10. Aux termes de l’article 4 A du code général des impôts : « Les personnes qui ont en France leur domicile fiscal sont passibles de l’impôt sur le revenu en raison de l’ensemble de leurs revenus. / Celles dont le domicile fiscal est situé hors de France sont passibles de cet impôt en raison de leurs seuls revenus de source française. » Aux termes du 1 de l’article 22 de la convention fiscale franco-tunisienne : « Les salaires, traitements et autres rémunérations similaires qu’un résident d’un Etat contractant reçoit au titre d’un emploi salarié ne sont imposables que dans cet Etat à moins que l’emploi ne soit exercé dans l’autre Etat contractant. Si l’emploi y est exercé, les rémunérations reçues à ce titre sont imposables dans cet autre État. » Aux termes de l’article 28 de la même convention : « Les éléments du revenu d’un résident d’un Etat contractant qui ne sont pas expressément mentionnés dans les articles précédents de la présente Convention ne sont imposables que dans cet Etat. »
11. M. A invoque les stipulations des articles 22 et 28 de la convention fiscale franco-tunisienne. Il résulte de l’instruction, et notamment de la décision de rejet de la réclamation en date du 19 octobre 2020, que M. A a déclaré au service avoir établi son domicile fiscal en Tunisie, ce dont le service a pris acte, comme du fait que l’intéressé avait perçu, au titre des années 2010 et 2011, des revenus de source française, imposables en France. Si M. A entend se prévaloir des stipulations de la convention fiscale franco-tunisienne, il ne conteste toutefois pas avoir perçu, au titre des années en cause, des revenus de source française, et n’établit, ni même n’allègue, avoir exercé son activité professionnelle en Tunisie. Dès lors, c’est à bon droit que l’administration a pu procéder aux rehaussements décrits au point 1.

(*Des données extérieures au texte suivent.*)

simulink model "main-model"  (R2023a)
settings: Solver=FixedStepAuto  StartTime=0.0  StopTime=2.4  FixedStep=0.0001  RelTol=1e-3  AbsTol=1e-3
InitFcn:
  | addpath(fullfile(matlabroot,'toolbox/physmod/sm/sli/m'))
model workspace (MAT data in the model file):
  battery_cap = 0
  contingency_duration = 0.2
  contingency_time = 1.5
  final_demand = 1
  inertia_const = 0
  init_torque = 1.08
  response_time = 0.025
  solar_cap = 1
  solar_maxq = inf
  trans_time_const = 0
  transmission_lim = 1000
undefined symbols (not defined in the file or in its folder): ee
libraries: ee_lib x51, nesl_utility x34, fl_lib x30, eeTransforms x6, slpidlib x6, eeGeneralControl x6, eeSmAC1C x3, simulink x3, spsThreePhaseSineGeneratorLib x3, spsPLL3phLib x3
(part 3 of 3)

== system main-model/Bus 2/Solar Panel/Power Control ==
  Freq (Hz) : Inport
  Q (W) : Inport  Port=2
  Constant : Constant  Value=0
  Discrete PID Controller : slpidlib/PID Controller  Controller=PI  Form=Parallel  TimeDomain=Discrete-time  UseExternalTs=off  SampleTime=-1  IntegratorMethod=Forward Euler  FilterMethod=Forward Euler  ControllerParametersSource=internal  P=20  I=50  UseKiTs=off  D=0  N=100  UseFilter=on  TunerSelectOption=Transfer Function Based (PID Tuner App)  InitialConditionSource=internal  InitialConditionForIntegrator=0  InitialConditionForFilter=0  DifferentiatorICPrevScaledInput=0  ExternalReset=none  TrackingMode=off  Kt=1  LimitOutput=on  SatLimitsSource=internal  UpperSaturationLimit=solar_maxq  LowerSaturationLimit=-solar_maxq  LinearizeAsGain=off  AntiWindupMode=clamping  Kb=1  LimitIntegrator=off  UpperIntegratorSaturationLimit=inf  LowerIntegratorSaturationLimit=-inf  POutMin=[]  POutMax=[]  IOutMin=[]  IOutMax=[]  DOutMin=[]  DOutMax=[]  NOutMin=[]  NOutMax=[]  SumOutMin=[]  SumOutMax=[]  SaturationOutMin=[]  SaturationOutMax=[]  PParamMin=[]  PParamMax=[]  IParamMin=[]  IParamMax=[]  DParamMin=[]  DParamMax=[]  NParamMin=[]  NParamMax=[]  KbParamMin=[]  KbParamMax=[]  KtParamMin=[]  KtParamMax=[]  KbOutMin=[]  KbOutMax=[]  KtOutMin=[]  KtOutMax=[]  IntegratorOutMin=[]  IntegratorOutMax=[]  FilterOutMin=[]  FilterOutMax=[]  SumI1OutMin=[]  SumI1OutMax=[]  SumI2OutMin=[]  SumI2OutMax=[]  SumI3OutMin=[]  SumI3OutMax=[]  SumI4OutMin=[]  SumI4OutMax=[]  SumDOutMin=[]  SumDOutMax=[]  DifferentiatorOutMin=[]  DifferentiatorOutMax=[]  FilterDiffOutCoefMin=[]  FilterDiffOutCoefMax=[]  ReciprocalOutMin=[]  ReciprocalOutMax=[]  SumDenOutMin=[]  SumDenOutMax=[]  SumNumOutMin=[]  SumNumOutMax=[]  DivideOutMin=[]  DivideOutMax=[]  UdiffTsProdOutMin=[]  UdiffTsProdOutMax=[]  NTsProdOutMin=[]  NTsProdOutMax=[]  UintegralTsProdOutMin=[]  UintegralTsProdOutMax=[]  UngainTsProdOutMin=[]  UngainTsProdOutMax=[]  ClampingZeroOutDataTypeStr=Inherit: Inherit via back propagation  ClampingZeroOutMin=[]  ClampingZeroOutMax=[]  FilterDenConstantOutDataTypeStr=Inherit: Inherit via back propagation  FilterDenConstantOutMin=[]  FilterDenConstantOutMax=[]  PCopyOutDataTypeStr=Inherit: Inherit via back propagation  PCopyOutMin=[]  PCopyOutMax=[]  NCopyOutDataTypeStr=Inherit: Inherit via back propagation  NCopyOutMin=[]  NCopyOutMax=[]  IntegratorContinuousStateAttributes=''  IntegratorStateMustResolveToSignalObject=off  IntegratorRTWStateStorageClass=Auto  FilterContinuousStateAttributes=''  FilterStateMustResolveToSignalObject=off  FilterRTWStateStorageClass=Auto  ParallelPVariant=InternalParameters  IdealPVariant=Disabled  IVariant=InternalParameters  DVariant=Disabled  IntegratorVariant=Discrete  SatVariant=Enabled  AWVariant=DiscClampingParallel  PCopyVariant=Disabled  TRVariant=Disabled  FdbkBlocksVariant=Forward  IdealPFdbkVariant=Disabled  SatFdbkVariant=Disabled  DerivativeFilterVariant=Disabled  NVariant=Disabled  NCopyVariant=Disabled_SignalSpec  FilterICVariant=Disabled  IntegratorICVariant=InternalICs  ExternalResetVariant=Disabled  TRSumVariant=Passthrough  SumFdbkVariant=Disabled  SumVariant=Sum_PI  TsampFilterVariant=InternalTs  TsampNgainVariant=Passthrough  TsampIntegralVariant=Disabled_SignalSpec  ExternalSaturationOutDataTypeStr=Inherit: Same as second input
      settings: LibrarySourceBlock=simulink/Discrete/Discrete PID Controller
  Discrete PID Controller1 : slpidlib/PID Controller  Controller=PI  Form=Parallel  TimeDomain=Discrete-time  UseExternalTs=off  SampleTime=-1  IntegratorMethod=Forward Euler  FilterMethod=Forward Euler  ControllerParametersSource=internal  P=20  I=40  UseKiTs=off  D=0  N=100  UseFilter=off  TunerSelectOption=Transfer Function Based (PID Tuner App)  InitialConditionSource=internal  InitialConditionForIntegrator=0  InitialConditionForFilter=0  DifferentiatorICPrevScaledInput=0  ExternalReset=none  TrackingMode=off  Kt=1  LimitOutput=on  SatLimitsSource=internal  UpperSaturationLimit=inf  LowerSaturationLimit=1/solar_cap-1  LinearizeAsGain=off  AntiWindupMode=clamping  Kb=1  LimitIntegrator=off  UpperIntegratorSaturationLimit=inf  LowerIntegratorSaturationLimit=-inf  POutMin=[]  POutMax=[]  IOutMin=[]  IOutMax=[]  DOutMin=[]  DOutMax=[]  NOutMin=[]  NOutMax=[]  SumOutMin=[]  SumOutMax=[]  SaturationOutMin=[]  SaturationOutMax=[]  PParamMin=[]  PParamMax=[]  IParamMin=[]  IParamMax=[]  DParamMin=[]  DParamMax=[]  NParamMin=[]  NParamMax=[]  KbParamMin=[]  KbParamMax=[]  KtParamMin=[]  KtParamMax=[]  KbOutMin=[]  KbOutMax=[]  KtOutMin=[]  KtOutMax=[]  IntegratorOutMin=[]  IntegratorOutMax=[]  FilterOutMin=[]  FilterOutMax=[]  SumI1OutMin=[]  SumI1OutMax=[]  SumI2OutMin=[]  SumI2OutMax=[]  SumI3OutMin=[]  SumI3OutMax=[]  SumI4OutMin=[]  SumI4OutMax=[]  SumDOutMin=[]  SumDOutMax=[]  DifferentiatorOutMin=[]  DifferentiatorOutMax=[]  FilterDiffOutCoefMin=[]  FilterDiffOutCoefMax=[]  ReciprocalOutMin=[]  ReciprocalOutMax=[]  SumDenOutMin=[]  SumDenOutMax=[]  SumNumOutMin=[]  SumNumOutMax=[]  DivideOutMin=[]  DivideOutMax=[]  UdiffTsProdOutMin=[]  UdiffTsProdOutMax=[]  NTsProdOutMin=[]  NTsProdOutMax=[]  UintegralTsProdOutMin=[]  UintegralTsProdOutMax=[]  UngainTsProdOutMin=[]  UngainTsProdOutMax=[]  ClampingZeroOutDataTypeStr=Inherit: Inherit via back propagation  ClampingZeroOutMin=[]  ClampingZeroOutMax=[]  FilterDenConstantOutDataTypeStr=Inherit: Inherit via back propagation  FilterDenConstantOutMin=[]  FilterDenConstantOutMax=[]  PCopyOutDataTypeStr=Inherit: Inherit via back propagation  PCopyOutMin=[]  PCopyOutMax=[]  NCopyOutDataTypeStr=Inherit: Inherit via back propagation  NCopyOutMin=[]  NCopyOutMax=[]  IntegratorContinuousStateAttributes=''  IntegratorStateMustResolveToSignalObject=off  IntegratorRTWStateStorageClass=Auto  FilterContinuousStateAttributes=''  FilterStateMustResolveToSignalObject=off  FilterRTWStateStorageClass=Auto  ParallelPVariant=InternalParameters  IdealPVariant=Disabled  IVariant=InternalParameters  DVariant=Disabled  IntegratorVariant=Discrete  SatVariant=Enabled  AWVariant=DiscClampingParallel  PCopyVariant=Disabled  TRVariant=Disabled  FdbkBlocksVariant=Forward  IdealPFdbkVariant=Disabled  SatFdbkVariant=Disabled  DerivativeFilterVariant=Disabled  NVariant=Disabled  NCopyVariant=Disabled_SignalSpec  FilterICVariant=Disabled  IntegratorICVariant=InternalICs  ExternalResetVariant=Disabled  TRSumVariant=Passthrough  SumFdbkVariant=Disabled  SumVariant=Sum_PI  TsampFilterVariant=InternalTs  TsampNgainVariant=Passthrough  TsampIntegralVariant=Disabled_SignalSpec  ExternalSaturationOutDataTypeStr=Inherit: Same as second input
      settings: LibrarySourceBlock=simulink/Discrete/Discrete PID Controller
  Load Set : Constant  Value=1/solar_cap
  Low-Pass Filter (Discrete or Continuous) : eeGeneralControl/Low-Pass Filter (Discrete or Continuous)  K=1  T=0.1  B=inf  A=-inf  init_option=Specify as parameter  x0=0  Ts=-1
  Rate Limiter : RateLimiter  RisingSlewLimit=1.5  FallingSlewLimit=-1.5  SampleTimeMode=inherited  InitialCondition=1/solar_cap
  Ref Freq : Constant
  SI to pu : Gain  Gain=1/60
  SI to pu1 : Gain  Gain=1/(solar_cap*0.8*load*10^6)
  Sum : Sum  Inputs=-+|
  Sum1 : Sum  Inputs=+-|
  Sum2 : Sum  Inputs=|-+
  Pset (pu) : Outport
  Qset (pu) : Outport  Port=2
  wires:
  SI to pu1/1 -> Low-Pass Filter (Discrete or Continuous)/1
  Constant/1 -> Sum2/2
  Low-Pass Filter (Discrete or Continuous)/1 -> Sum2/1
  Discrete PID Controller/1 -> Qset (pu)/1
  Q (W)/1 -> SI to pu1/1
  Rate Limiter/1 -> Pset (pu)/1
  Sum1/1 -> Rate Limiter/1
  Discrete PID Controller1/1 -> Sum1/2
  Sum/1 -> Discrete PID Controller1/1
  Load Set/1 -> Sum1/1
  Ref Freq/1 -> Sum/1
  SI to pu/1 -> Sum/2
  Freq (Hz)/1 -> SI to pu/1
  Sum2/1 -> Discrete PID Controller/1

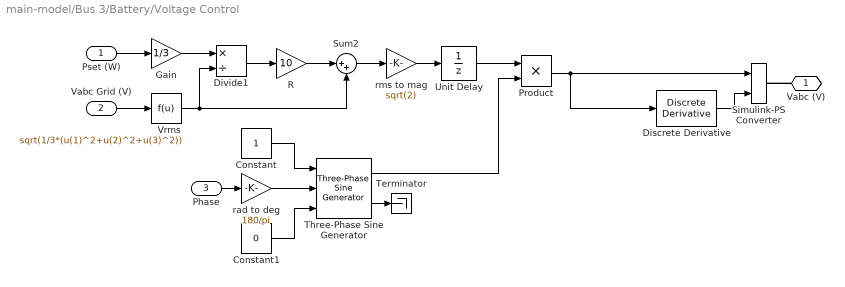
== system main-model/Bus 3/Battery/Voltage Control ==
  Pset (W) : Inport
  Vabc Grid (V) : Inport  Port=2
  Phase : Inport  Port=3
  Constant : Constant
  Constant1 : Constant  Value=0
  Discrete Derivative : simulink/Discrete/Discrete Derivative  gainval=1.0  ICPrevScaledInput=0.0  OutMin=[]  OutMax=[]  OutDataType=fixdt(1, 16)  OutScaling=2^-10  DoSatur=off
  Divide1 : Product  Inputs=*/
  Gain : Gain  Gain=1/3
  Product : Product
  R : Gain  Gain=10
  Simulink-PS Converter : nesl_utility/Simulink-PS Converter  PhysicalDomain=network_engine_domain  SubClassName=ps_input  LeftPortType=input  RightPortType=output  PseudoPeriodic=off  Frequencies=[]  NoiseDistribution=none  NoiseParameters=[]  Unit=V  AffineConversion=off  FilteringAndDerivatives=provide  SimscapeFilterOrder=1  InputFilterTimeConstant=1e-4  UdotUserProvided=1
  Sum2 : Sum  Inputs=|++
  Terminator : Terminator
  Three-Phase Sine Generator : spsThreePhaseSineGeneratorLib/Three-Phase Sine Generator  Ts=0
      settings: LibrarySourceBlock=|
      | sps_lib/Sources/Signal Generator Sources/Three-Phase
      | Sine Generator
  Unit Delay : UnitDelay  InitialCondition=350*sqrt(2)*10^3  SampleTime=-1  HasFrameUpgradeWarning=on
  Vrms : Fcn  Expr=sqrt(1/3*(u(1)^2+u(2)^2+u(3)^2))
  rad to deg : Gain  Gain=180/pi
  rms to mag : Gain  Gain=sqrt(2)
  Vabc (V) : PMIOPort  Side=Right
  wires:
  Discrete Derivative/1 -> Simulink-PS Converter/2
  Vabc Grid (V)/1 -> Vrms/1
  Pset (W)/1 -> Gain/1
  Divide1/1 -> R/1
  R/1 -> Sum2/1
  Gain/1 -> Divide1/1
  Sum2/1 -> rms to mag/1
  Vrms/1 -> Sum2/2, Divide1/2
  Phase/1 -> rad to deg/1
  Constant/1 -> Three-Phase Sine Generator/1
  Constant1/1 -> Three-Phase Sine Generator/3
  Three-Phase Sine Generator/2 -> Terminator/1
  Three-Phase Sine Generator/1 -> Product/2
  rad to deg/1 -> Three-Phase Sine Generator/2
  rms to mag/1 -> Unit Delay/1
  Product/1 -> Discrete Derivative/1, Simulink-PS Converter/1
  Unit Delay/1 -> Product/1
  connections:
  Vabc (V)/RConn1 -- Simulink-PS Converter/RConn1

== system main-model/Bus 3/Governor and Prime Mover/Governor ==
  pu_velocity : Inport
  1/T_G : Gain  Gain=1/T_G
  1/droop : Gain  Gain=1/(droop_percentage/100)
  Delta load setpoint : Sum  Inputs=+-|
  Delta speed : Sum  Inputs=-+|
  Integrator : Integrator  InitialCondition=pu_torque0
  Load_setpoint : Constant  Value=pu_load_reference_setpoint
  Saturation : Saturate  UpperLimit=max_torque  LowerLimit=0
  Speed_ref : Constant  Value=pu_speed_reference
  Subtract : Sum  Inputs=|+-
  delta_y : Outport  VectorParamsAs1DForOutWhenUnconnected=off
  wires:
  Speed_ref/1 -> Delta speed/1
  Delta speed/1 -> 1/droop/1
  Load_setpoint/1 -> Delta load setpoint/1
  pu_velocity/1 -> Delta speed/2
  1/droop/1 -> Delta load setpoint/2
  1/T_G/1 -> Integrator/1
  Integrator/1 -> delta_y/1, Subtract/2
  Subtract/1 -> 1/T_G/1
  Delta load setpoint/1 -> Saturation/1
  Saturation/1 -> Subtract/1

== system main-model/Bus 3/Governor and Prime Mover/Non-reheat turbine ==
  delta_y : Inport
  1/T_CH : Gain  Gain=1/T_CH
  Integrator : Integrator  InitialCondition=pu_torque0  UpperSaturationLimit=max_torque
  Sum : Sum  Inputs=|+-
  torque : Outport  VectorParamsAs1DForOutWhenUnconnected=off
  wires:
  delta_y/1 -> Sum/1
  Sum/1 -> 1/T_CH/1
  1/T_CH/1 -> Integrator/1
  Integrator/1 -> Sum/2, torque/1

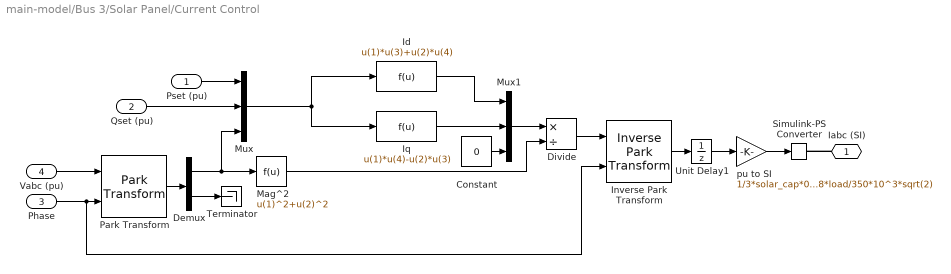
== system main-model/Bus 3/Solar Panel/Current Control ==
  Pset (pu) : Inport
  Qset (pu) : Inport  Port=2
  Phase : Inport  Port=3
  Vabc (pu) : Inport  Port=4
  Constant : Constant  Value=0
  Demux : Demux  Outputs=[2 1]
  Divide : Product  Inputs=*/
  Id : Fcn  Expr=u(1)*u(3)+u(2)*u(4)
  Inverse Park Transform : eeTransforms/Inverse Park Transform  AxisAlignment=Q-axis  PowerInvariant=off
      settings: LibrarySourceBlock=|
      | ee_sl_lib/Mathematical
      | Transforms/Inverse
      | Park Transform
  Iq : Fcn  Expr=u(1)*u(4)-u(2)*u(3)
  Mag^2 : Fcn  Expr=u(1)^2+u(2)^2
  Mux : Mux  Inputs=3
  Mux1 : Mux  Inputs=3
  Park Transform : eeTransforms/Park Transform  AxisAlignment=Q-axis  PowerInvariant=off
      settings: LibrarySourceBlock=|
      | ee_sl_lib/Mathematical
      | Transforms/Park Transform
  Simulink-PS Converter : nesl_utility/Simulink-PS Converter  PhysicalDomain=network_engine_domain  SubClassName=ps_input  LeftPortType=input  RightPortType=output  PseudoPeriodic=off  Frequencies=[]  NoiseDistribution=none  NoiseParameters=[]  Unit=A  AffineConversion=off  FilteringAndDerivatives=filter  SimscapeFilterOrder=1  InputFilterTimeConstant=1e-4  UdotUserProvided=0
  Terminator : Terminator
  Unit Delay1 : UnitDelay  InitialCondition=1/solar_cap*[0 -sin(2*pi/3) sin(2*pi/3)]  SampleTime=-1  HasFrameUpgradeWarning=on
  pu to SI : Gain  Gain=1/3*solar_cap*0.8*load/350*10^3*sqrt(2)
  Iabc (SI) : PMIOPort  Side=Right
  wires:
  Park Transform/1 -> Demux/1
  Demux/2 -> Terminator/1
  Demux/1 -> Mux/3, Mag^2/1
  Mag^2/1 -> Divide/2
  pu to SI/1 -> Simulink-PS Converter/1
  Constant/1 -> Mux1/3
  Phase/1 -> Inverse Park Transform/2, Park Transform/2
  Vabc (pu)/1 -> Park Transform/1
  Id/1 -> Mux1/1
  Iq/1 -> Mux1/2
  Inverse Park Transform/1 -> Unit Delay1/1
  Unit Delay1/1 -> pu to SI/1
  Mux1/1 -> Divide/1
  Divide/1 -> Inverse Park Transform/1
  Pset (pu)/1 -> Mux/1
  Qset (pu)/1 -> Mux/2
  Mux/1 -> Id/1, Iq/1
  connections:
  Iabc (SI)/RConn1 -- Simulink-PS Converter/RConn1

== system main-model/Bus 3/Solar Panel/Power Control ==
  Freq (Hz) : Inport
  Q (W) : Inport  Port=2
  Constant : Constant  Value=0
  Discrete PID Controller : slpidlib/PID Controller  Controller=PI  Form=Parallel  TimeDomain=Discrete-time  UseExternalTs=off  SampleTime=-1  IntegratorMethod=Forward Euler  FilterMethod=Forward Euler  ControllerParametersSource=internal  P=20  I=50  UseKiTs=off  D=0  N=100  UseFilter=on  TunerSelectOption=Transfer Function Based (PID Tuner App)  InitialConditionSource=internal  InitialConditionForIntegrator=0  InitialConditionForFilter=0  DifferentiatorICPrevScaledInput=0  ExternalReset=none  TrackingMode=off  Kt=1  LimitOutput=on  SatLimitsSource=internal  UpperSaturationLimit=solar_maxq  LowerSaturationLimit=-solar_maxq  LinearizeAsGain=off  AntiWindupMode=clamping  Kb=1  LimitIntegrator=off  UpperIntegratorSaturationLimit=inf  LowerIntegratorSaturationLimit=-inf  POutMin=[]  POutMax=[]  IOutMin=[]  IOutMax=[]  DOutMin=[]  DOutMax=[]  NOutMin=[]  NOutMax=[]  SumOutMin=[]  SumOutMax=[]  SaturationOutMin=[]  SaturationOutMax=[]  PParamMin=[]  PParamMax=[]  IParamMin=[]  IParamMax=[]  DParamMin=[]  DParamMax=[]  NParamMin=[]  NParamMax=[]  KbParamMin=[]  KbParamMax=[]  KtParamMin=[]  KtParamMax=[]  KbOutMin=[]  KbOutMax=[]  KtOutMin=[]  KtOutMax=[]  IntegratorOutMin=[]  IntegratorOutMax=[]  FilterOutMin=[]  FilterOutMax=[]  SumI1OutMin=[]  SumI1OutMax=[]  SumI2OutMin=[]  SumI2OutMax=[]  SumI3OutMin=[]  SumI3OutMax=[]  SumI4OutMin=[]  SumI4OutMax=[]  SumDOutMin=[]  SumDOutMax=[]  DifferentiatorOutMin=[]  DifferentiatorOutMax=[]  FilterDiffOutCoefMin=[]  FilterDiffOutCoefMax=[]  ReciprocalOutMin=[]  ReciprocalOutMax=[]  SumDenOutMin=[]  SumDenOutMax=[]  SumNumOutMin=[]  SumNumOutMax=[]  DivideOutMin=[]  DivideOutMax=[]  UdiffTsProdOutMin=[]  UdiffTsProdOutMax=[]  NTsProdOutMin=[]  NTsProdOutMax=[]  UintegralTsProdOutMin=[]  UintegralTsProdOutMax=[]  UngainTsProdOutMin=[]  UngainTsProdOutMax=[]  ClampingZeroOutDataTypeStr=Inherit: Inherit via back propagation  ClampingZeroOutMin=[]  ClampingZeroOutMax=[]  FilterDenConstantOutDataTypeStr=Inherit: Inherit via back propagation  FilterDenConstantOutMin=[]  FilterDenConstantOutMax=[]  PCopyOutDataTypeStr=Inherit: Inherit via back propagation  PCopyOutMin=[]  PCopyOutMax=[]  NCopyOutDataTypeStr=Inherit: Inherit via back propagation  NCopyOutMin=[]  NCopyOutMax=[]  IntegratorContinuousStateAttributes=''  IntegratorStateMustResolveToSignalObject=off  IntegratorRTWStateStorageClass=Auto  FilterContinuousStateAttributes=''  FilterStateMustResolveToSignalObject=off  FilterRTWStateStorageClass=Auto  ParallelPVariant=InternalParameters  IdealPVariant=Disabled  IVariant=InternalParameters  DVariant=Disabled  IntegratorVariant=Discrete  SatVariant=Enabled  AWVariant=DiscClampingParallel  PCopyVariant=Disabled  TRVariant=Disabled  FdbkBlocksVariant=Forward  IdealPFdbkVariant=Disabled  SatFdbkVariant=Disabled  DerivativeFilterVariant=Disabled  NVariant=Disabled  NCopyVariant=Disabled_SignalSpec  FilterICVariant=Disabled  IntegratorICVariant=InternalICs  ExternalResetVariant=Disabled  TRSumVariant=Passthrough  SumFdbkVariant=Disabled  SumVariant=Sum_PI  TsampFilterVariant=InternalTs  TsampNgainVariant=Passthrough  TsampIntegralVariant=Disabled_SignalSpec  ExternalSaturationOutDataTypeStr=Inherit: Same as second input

12. Il résulte de ce qui précède que la requête de M. A doit être rejetée en toutes ses conclusions.
D É C I D E :
Article 1er : La requête de M. A est rejetée.
Article 2 : Le présent jugement sera notifié à M. B A et à la direction régionale des finances publiques d’Île-de-France et de Paris.
Délibéré après l’audience du 13 juin 2022, à laquelle siégeaient :
M. Sorin, président,
M. Errera, premier conseiller,
M. Lahary, conseiller.
Rendu public par mise à disposition au greffe le 27 juin 2022.
Le rapporteur,
A. ERRERALe président,
J. SORIN
La greffière,
B. CHAHINE
La République mande et ordonne au ministre de l’économie, des finances et de la souveraineté industrielle et numérique en ce qui le concerne ou à tous huissiers de justice à ce requis en ce qui concerne les voies de droit commun contre les parties privées, de pourvoir à l’exécution de la présente décision.